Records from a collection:
-=-=-=-=-

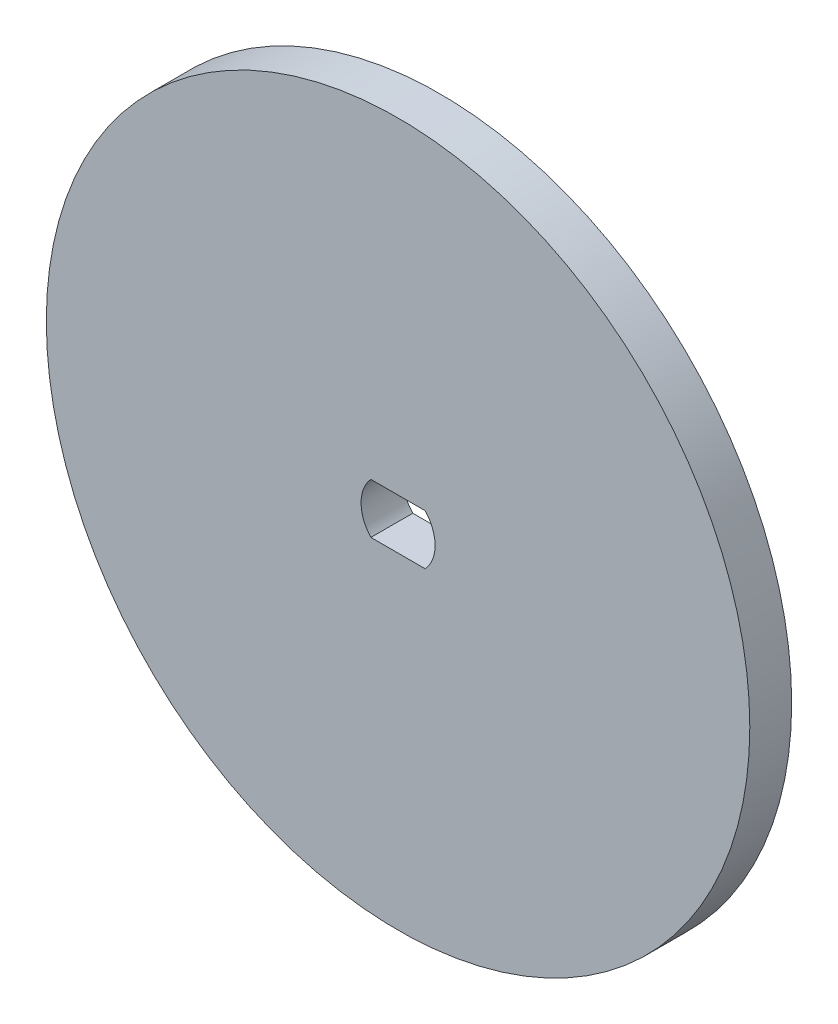
ISO-10303-21;
HEADER;
FILE_DESCRIPTION(('STEP AP214'),'2;1');
FILE_NAME('part.step','',(''),(''),'','','');
FILE_SCHEMA(('AUTOMOTIVE_DESIGN { 1 0 10303 214 1 1 1 1 }'));
ENDSEC;
DATA;
#1=APPLICATION_CONTEXT('core data for automotive mechanical design processes');
#2=APPLICATION_PROTOCOL_DEFINITION('international standard','automotive_design',2000,#1);
#3=PRODUCT_CONTEXT('',#1,'mechanical');
#4=PRODUCT('Part','Part','',(#3));
#5=PRODUCT_RELATED_PRODUCT_CATEGORY('part','',(#4));
#6=PRODUCT_DEFINITION_FORMATION('','',#4);
#7=PRODUCT_DEFINITION_CONTEXT('part definition',#1,'design');
#8=PRODUCT_DEFINITION('design','',#6,#7);
#9=PRODUCT_DEFINITION_SHAPE('','',#8);
#10=(LENGTH_UNIT() NAMED_UNIT(*) SI_UNIT(.MILLI.,.METRE.));
#11=(NAMED_UNIT(*) PLANE_ANGLE_UNIT() SI_UNIT($,.RADIAN.));
#12=(NAMED_UNIT(*) SI_UNIT($,.STERADIAN.) SOLID_ANGLE_UNIT());
#13=UNCERTAINTY_MEASURE_WITH_UNIT(LENGTH_MEASURE(1.E-05),#10,'distance_accuracy_value','');
#14=(GEOMETRIC_REPRESENTATION_CONTEXT(3) GLOBAL_UNCERTAINTY_ASSIGNED_CONTEXT((#13)) GLOBAL_UNIT_ASSIGNED_CONTEXT((#10,
#11,#12)) REPRESENTATION_CONTEXT('',''));
#15=CARTESIAN_POINT('',(0.,0.,0.));
#16=DIRECTION('',(0.,0.,1.));
#17=DIRECTION('',(1.,0.,0.));
#18=AXIS2_PLACEMENT_3D('',#15,#16,#17);
#19=CARTESIAN_POINT('',(0.,0.,3.175));
#20=DIRECTION('',(0.,0.,-1.));
#21=DIRECTION('',(-1.,0.,0.));
#22=AXIS2_PLACEMENT_3D('',#19,#20,#21);
#23=CYLINDRICAL_SURFACE('',#22,2.8067);
#24=CARTESIAN_POINT('',(0.,0.,0.));
#25=DIRECTION('',(0.,0.,1.));
#26=DIRECTION('',(1.,0.,0.));
#27=AXIS2_PLACEMENT_3D('',#24,#25,#26);
#28=CIRCLE('',#27,2.8067);
#29=CARTESIAN_POINT('',(-2.06119865369644,1.905,0.));
#30=VERTEX_POINT('',#29);
#31=CARTESIAN_POINT('',(-2.06119865369644,-1.905,0.));
#32=VERTEX_POINT('',#31);
#33=EDGE_CURVE('E104',#30,#32,#28,.T.);
#34=ORIENTED_EDGE('',*,*,#33,.F.);
#35=DIRECTION('',(0.,0.,-1.));
#36=VECTOR('',#35,1.);
#37=CARTESIAN_POINT('',(-2.06119865369644,1.905,3.175));
#38=LINE('',#37,#36);
#39=CARTESIAN_POINT('',(-2.06119865369644,1.905,3.175));
#40=VERTEX_POINT('',#39);
#41=EDGE_CURVE('E11',#40,#30,#38,.T.);
#42=ORIENTED_EDGE('',*,*,#41,.F.);
#43=CARTESIAN_POINT('',(0.,0.,3.175));
#44=DIRECTION('',(0.,0.,1.));
#45=DIRECTION('',(1.,0.,0.));
#46=AXIS2_PLACEMENT_3D('',#43,#44,#45);
#47=CIRCLE('',#46,2.8067);
#48=CARTESIAN_POINT('',(-2.06119865369644,-1.905,3.175));
#49=VERTEX_POINT('',#48);
#50=EDGE_CURVE('E86',#40,#49,#47,.T.);
#51=ORIENTED_EDGE('',*,*,#50,.T.);
#52=DIRECTION('',(0.,0.,-1.));
#53=VECTOR('',#52,1.);
#54=CARTESIAN_POINT('',(-2.06119865369644,-1.905,3.175));
#55=LINE('',#54,#53);
#56=EDGE_CURVE('E53',#49,#32,#55,.T.);
#57=ORIENTED_EDGE('',*,*,#56,.T.);
#58=EDGE_LOOP('',(#34,#42,#51,#57));
#59=FACE_BOUND('',#58,.T.);
#60=ADVANCED_FACE('F37',(#59),#23,.F.);
#61=CARTESIAN_POINT('',(0.,1.905,3.175));
#62=DIRECTION('',(0.,1.,0.));
#63=DIRECTION('',(0.,0.,1.));
#64=AXIS2_PLACEMENT_3D('',#61,#62,#63);
#65=PLANE('',#64);
#66=DIRECTION('',(1.,0.,0.));
#67=VECTOR('',#66,1.);
#68=CARTESIAN_POINT('',(0.,1.905,0.));
#69=LINE('',#68,#67);
#70=CARTESIAN_POINT('',(2.06119865369644,1.905,0.));
#71=VERTEX_POINT('',#70);
#72=EDGE_CURVE('E92',#30,#71,#69,.T.);
#73=ORIENTED_EDGE('',*,*,#72,.T.);
#74=DIRECTION('',(0.,0.,-1.));
#75=VECTOR('',#74,1.);
#76=CARTESIAN_POINT('',(2.06119865369644,1.905,3.175));
#77=LINE('',#76,#75);
#78=CARTESIAN_POINT('',(2.06119865369644,1.905,3.175));
#79=VERTEX_POINT('',#78);
#80=EDGE_CURVE('E45',#79,#71,#77,.T.);
#81=ORIENTED_EDGE('',*,*,#80,.F.);
#82=DIRECTION('',(1.,0.,0.));
#83=VECTOR('',#82,1.);
#84=CARTESIAN_POINT('',(0.,1.905,3.175));
#85=LINE('',#84,#83);
#86=EDGE_CURVE('E79',#40,#79,#85,.T.);
#87=ORIENTED_EDGE('',*,*,#86,.F.);
#88=ORIENTED_EDGE('',*,*,#41,.T.);
#89=EDGE_LOOP('',(#73,#81,#87,#88));
#90=FACE_BOUND('',#89,.T.);
#91=ADVANCED_FACE('F90',(#90),#65,.F.);
#92=CARTESIAN_POINT('',(0.,0.,3.175));
#93=DIRECTION('',(0.,0.,-1.));
#94=DIRECTION('',(-1.,0.,0.));
#95=AXIS2_PLACEMENT_3D('',#92,#93,#94);
#96=CYLINDRICAL_SURFACE('',#95,2.8067);
#97=CARTESIAN_POINT('',(0.,0.,0.));
#98=DIRECTION('',(0.,0.,1.));
#99=DIRECTION('',(1.,0.,0.));
#100=AXIS2_PLACEMENT_3D('',#97,#98,#99);
#101=CIRCLE('',#100,2.8067);
#102=CARTESIAN_POINT('',(2.06119865369644,-1.905,0.));
#103=VERTEX_POINT('',#102);
#104=EDGE_CURVE('E107',#103,#71,#101,.T.);
#105=ORIENTED_EDGE('',*,*,#104,.F.);
#106=DIRECTION('',(0.,0.,-1.));
#107=VECTOR('',#106,1.);
#108=CARTESIAN_POINT('',(2.06119865369644,-1.905,3.175));
#109=LINE('',#108,#107);
#110=CARTESIAN_POINT('',(2.06119865369644,-1.905,3.175));
#111=VERTEX_POINT('',#110);
#112=EDGE_CURVE('E66',#111,#103,#109,.T.);
#113=ORIENTED_EDGE('',*,*,#112,.F.);
#114=CARTESIAN_POINT('',(0.,0.,3.175));
#115=DIRECTION('',(0.,0.,1.));
#116=DIRECTION('',(1.,0.,0.));
#117=AXIS2_PLACEMENT_3D('',#114,#115,#116);
#118=CIRCLE('',#117,2.8067);
#119=EDGE_CURVE('E85',#111,#79,#118,.T.);
#120=ORIENTED_EDGE('',*,*,#119,.T.);
#121=ORIENTED_EDGE('',*,*,#80,.T.);
#122=EDGE_LOOP('',(#105,#113,#120,#121));
#123=FACE_BOUND('',#122,.T.);
#124=ADVANCED_FACE('F95',(#123),#96,.F.);
#125=CARTESIAN_POINT('',(0.,-1.905,3.175));
#126=DIRECTION('',(0.,1.,0.));
#127=DIRECTION('',(0.,0.,1.));
#128=AXIS2_PLACEMENT_3D('',#125,#126,#127);
#129=PLANE('',#128);
#130=DIRECTION('',(1.,0.,0.));
#131=VECTOR('',#130,1.);
#132=CARTESIAN_POINT('',(0.,-1.905,0.));
#133=LINE('',#132,#131);
#134=EDGE_CURVE('E109',#32,#103,#133,.T.);
#135=ORIENTED_EDGE('',*,*,#134,.F.);
#136=ORIENTED_EDGE('',*,*,#56,.F.);
#137=DIRECTION('',(1.,0.,0.));
#138=VECTOR('',#137,1.);
#139=CARTESIAN_POINT('',(0.,-1.905,3.175));
#140=LINE('',#139,#138);
#141=EDGE_CURVE('E96',#49,#111,#140,.T.);
#142=ORIENTED_EDGE('',*,*,#141,.T.);
#143=ORIENTED_EDGE('',*,*,#112,.T.);
#144=EDGE_LOOP('',(#135,#136,#142,#143));
#145=FACE_BOUND('',#144,.T.);
#146=ADVANCED_FACE('F118',(#145),#129,.T.);
#147=CARTESIAN_POINT('',(0.,0.,3.175));
#148=DIRECTION('',(0.,0.,-1.));
#149=DIRECTION('',(-1.,0.,0.));
#150=AXIS2_PLACEMENT_3D('',#147,#148,#149);
#151=CYLINDRICAL_SURFACE('',#150,26.67);
#152=CARTESIAN_POINT('',(0.,0.,3.175));
#153=DIRECTION('',(0.,0.,1.));
#154=DIRECTION('',(1.,0.,0.));
#155=AXIS2_PLACEMENT_3D('',#152,#153,#154);
#156=CIRCLE('',#155,26.67);
#157=CARTESIAN_POINT('',(26.67,0.,3.175));
#158=VERTEX_POINT('',#157);
#159=EDGE_CURVE('E98',#158,#158,#156,.T.);
#160=ORIENTED_EDGE('',*,*,#159,.F.);
#161=EDGE_LOOP('',(#160));
#162=FACE_BOUND('',#161,.T.);
#163=CARTESIAN_POINT('',(0.,0.,0.));
#164=DIRECTION('',(0.,0.,1.));
#165=DIRECTION('',(1.,0.,0.));
#166=AXIS2_PLACEMENT_3D('',#163,#164,#165);
#167=CIRCLE('',#166,26.67);
#168=CARTESIAN_POINT('',(26.67,0.,0.));
#169=VERTEX_POINT('',#168);
#170=EDGE_CURVE('E112',#169,#169,#167,.T.);
#171=ORIENTED_EDGE('',*,*,#170,.T.);
#172=EDGE_LOOP('',(#171));
#173=FACE_BOUND('',#172,.T.);
#174=ADVANCED_FACE('F120',(#162,#173),#151,.T.);
#175=CARTESIAN_POINT('',(0.,0.,3.175));
#176=DIRECTION('',(0.,0.,1.));
#177=DIRECTION('',(1.,0.,0.));
#178=AXIS2_PLACEMENT_3D('',#175,#176,#177);
#179=PLANE('',#178);
#180=ORIENTED_EDGE('',*,*,#50,.F.);
#181=ORIENTED_EDGE('',*,*,#86,.T.);
#182=ORIENTED_EDGE('',*,*,#119,.F.);
#183=ORIENTED_EDGE('',*,*,#141,.F.);
#184=EDGE_LOOP('',(#180,#181,#182,#183));
#185=FACE_BOUND('',#184,.T.);
#186=ORIENTED_EDGE('',*,*,#159,.T.);
#187=EDGE_LOOP('',(#186));
#188=FACE_BOUND('',#187,.T.);
#189=ADVANCED_FACE('F81',(#185,#188),#179,.T.);
#190=CARTESIAN_POINT('',(0.,0.,0.));
#191=DIRECTION('',(0.,0.,1.));
#192=DIRECTION('',(1.,0.,0.));
#193=AXIS2_PLACEMENT_3D('',#190,#191,#192);
#194=PLANE('',#193);
#195=ORIENTED_EDGE('',*,*,#33,.T.);
#196=ORIENTED_EDGE('',*,*,#134,.T.);
#197=ORIENTED_EDGE('',*,*,#104,.T.);
#198=ORIENTED_EDGE('',*,*,#72,.F.);
#199=EDGE_LOOP('',(#195,#196,#197,#198));
#200=FACE_BOUND('',#199,.T.);
#201=ORIENTED_EDGE('',*,*,#170,.F.);
#202=EDGE_LOOP('',(#201));
#203=FACE_BOUND('',#202,.T.);
#204=ADVANCED_FACE('F158',(#200,#203),#194,.F.);
#205=CLOSED_SHELL('',(#60,#91,#124,#146,#174,#189,#204));
#206=MANIFOLD_SOLID_BREP('B2',#205);
#207=ADVANCED_BREP_SHAPE_REPRESENTATION('',(#18,#206),#14);
#208=SHAPE_DEFINITION_REPRESENTATION(#9,#207);
ENDSEC;
END-ISO-10303-21;

-=-=-=-=-

- [What needs to be done]
Please report every line in the entries above that holds the string "mechanical".

- [Answer]
#1=APPLICATION_CONTEXT('core data for automotive mechanical design processes');
#3=PRODUCT_CONTEXT('',#1,'mechanical');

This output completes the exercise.